The COVID-19 pandemic has pushed companies to accelerate advances in video conferencing and the use of AI and machine learning. Two companies at the forefront of these advances are Pinscreen and NVIDIA. Both are using advanced Machine Learning and Generative Adversarial Networks (GANs) to advance what is possible while approaching the problem from very different points of view.
At SIGGRAPH Pinscreen presented at Real-Time Live (RTL) two advances in real-time graphics. The work in virtual body scanning from a single camera or Monoport jointly won Best of Show, (see our story here). The second demo was of their fully digital agent, Frances, who was interviewed live during the event.
At fxguide, we were keen to test drive a video chat with Digital Frances ourselves, but we figured it would be more fun to have Digital Michael interview Digital Frances. In this exclusive video below, we speak to Founder Hao Li, and a neural rendered Digital Michael interviews Digital Frances.

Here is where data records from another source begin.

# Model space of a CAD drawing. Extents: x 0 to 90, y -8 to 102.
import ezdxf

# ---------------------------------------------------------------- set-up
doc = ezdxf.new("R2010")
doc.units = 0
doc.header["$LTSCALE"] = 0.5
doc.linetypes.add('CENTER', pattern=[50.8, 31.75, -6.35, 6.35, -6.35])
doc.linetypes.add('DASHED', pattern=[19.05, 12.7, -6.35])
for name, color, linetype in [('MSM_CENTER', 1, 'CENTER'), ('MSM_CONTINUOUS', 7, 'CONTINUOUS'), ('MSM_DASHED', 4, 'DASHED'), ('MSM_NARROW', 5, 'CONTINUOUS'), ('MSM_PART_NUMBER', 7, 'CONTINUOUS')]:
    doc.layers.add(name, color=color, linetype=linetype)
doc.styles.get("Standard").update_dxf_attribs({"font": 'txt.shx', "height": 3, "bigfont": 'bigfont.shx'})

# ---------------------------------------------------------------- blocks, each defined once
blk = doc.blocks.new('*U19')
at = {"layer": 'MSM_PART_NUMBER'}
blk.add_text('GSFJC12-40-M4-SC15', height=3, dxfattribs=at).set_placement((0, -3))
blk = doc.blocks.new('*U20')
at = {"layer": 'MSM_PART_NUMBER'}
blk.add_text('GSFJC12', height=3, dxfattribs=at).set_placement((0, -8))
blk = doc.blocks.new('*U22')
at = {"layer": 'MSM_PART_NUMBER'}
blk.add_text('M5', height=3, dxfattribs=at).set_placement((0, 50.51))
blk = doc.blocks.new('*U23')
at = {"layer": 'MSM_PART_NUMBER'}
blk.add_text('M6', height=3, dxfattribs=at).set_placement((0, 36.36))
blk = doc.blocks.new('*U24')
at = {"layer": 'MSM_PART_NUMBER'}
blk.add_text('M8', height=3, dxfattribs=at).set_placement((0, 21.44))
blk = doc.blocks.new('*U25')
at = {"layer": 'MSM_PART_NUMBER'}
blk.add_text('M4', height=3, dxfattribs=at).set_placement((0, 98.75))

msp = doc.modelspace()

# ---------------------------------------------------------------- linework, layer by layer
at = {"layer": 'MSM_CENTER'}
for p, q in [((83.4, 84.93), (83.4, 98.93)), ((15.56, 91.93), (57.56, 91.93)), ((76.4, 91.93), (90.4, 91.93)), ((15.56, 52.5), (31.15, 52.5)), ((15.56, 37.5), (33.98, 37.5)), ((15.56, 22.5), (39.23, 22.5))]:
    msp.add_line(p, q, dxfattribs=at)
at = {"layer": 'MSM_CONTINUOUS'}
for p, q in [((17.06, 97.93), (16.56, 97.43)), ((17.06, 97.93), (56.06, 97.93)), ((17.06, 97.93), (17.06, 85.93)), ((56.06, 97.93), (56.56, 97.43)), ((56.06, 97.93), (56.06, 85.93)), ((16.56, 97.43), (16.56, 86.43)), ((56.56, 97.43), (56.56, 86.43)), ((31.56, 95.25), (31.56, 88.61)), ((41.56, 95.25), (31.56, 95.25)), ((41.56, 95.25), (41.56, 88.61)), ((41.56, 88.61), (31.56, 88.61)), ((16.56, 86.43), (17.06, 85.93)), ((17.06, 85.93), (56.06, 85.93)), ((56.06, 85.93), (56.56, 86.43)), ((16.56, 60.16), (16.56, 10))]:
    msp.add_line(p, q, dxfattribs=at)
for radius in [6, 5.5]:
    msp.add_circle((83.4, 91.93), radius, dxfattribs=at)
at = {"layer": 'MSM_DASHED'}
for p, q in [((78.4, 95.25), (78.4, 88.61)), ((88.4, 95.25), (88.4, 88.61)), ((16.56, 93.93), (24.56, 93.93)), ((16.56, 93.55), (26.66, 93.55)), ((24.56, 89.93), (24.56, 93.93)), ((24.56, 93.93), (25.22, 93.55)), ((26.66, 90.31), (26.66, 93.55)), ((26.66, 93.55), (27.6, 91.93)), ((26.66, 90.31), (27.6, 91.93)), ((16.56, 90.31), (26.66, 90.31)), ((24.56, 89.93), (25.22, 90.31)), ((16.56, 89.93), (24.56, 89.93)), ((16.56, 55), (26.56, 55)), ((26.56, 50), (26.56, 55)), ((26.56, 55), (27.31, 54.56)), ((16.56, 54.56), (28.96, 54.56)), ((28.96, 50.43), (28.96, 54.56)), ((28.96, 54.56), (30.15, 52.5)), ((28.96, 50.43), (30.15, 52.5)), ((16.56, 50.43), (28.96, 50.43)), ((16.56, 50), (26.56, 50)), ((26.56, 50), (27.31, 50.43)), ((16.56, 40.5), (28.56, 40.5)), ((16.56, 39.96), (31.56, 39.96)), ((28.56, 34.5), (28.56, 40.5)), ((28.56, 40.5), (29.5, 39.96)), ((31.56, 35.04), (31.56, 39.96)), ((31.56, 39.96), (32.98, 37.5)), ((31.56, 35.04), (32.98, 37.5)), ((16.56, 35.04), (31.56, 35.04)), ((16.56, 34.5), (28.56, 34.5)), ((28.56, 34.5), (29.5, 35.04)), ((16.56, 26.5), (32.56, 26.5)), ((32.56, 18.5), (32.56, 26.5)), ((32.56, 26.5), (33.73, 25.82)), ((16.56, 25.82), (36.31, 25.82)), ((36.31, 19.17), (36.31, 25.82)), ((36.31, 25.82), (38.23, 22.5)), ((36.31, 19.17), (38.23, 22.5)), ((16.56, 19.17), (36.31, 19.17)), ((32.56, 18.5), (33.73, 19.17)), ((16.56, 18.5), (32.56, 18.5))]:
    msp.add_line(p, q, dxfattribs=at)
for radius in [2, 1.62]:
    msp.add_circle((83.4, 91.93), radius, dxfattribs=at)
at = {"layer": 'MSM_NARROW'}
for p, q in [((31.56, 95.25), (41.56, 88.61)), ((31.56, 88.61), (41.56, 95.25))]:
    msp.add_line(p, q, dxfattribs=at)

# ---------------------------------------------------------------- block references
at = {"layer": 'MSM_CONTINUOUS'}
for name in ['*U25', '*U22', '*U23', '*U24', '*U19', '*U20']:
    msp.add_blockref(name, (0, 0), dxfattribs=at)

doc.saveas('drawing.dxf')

The Digital Michael is a UE4 real-time rendered digital avatar, which then has an additional GAN generated face incorporated, driven by the UE4 face. Digital Frances is a fully virtual assistant that is answering questions and being rendered in real-time also in UE4. This includes her simulated digital hair and spontaneous unscripted responses.
Pinscreen uses their own in-house technology built around their paGAN software to power their UE4 characters and avatars. Their AI technology is independent of NVIDIA’s new Maxine software below, but it does use NVIDIA’s GPU card technology.
New AI breakthroughs have been shown as part of NVIDIA Maxine. This is a suite of new software developed to enhance video conferencing.
There is a set of new AI SDKs and innovations around video conferencing. For example, a cloud-native video streaming AI SDK, which dramatically reduces bandwidth use while making it possible to re-animate faces, correct gaze, and animate characters for immersive and engaging meetings.
Face Reanimation: Gaze correction
One of the biggest problems with video conferencing is that one looks at the screen, not the camera, so no one is making eye contact. In an attempt to reduce bandwidth by only streaming Neural Network and audio from the speaker, NVIDIA can simulate much higher quality video conferences and also solve the issue of eyeline. It does this by inferring where you should be looking and using neural rendering to rebuild your face, rather than just stream video. This reduces the bandwidth by as much as 90% to just one-tenth of H.264 using AI video compression.
With new AI research, NVIDIA can identify key facial points of each person on a video call and then use these points with a still image to infer a person’s face on the other side of the call using GANs.These key points can be used for face alignment, where faces are rotated so that people appear to be facing each other during a call, as well as gaze correction to help simulate eye contact, even if a person’s camera isn’t aligned with their screen. NIVIDA hopes that developers will also add features that allow call participants to choose their own avatars that are realistically animated in real-time by their voice and emotional tone.
This work by NVIDIA is part of the bigger Maxine program.
NVIDIA Maxine is a fully accelerated platform for developers to build and deploy AI-powered features in video conferencing services using state-of-the-art models that run in the cloud. Maxine includes the latest innovations from NVIDIA research such as automatic real-time translation, face alignment, gaze correction, and face re-lighting, in addition to capabilities such as super-resolution, noise removal, closed captioning, and virtual assistants. These capabilities are fully accelerated on NVIDIA GPUs to run in real-time video streaming applications in the cloud. As Maxine-based applications run in the cloud, the same features can be offered to every user on any device, including computers, tablets, and phones. And because NVIDIA Maxine is cloud-native, applications can easily be deployed as microservices that scale to hundreds of thousands of streams in a Kubernetes environment.
Maxine-based applications can use NVIDIA Jarvis, a fully accelerated conversational AI framework with state-of-the-art models optimized for real-time performance. Using Jarvis, developers can integrate virtual assistants to take notes, set action items, and answer questions in human-like voices. Additional conversational AI services such as translations, closed captioning and transcriptions are all possible.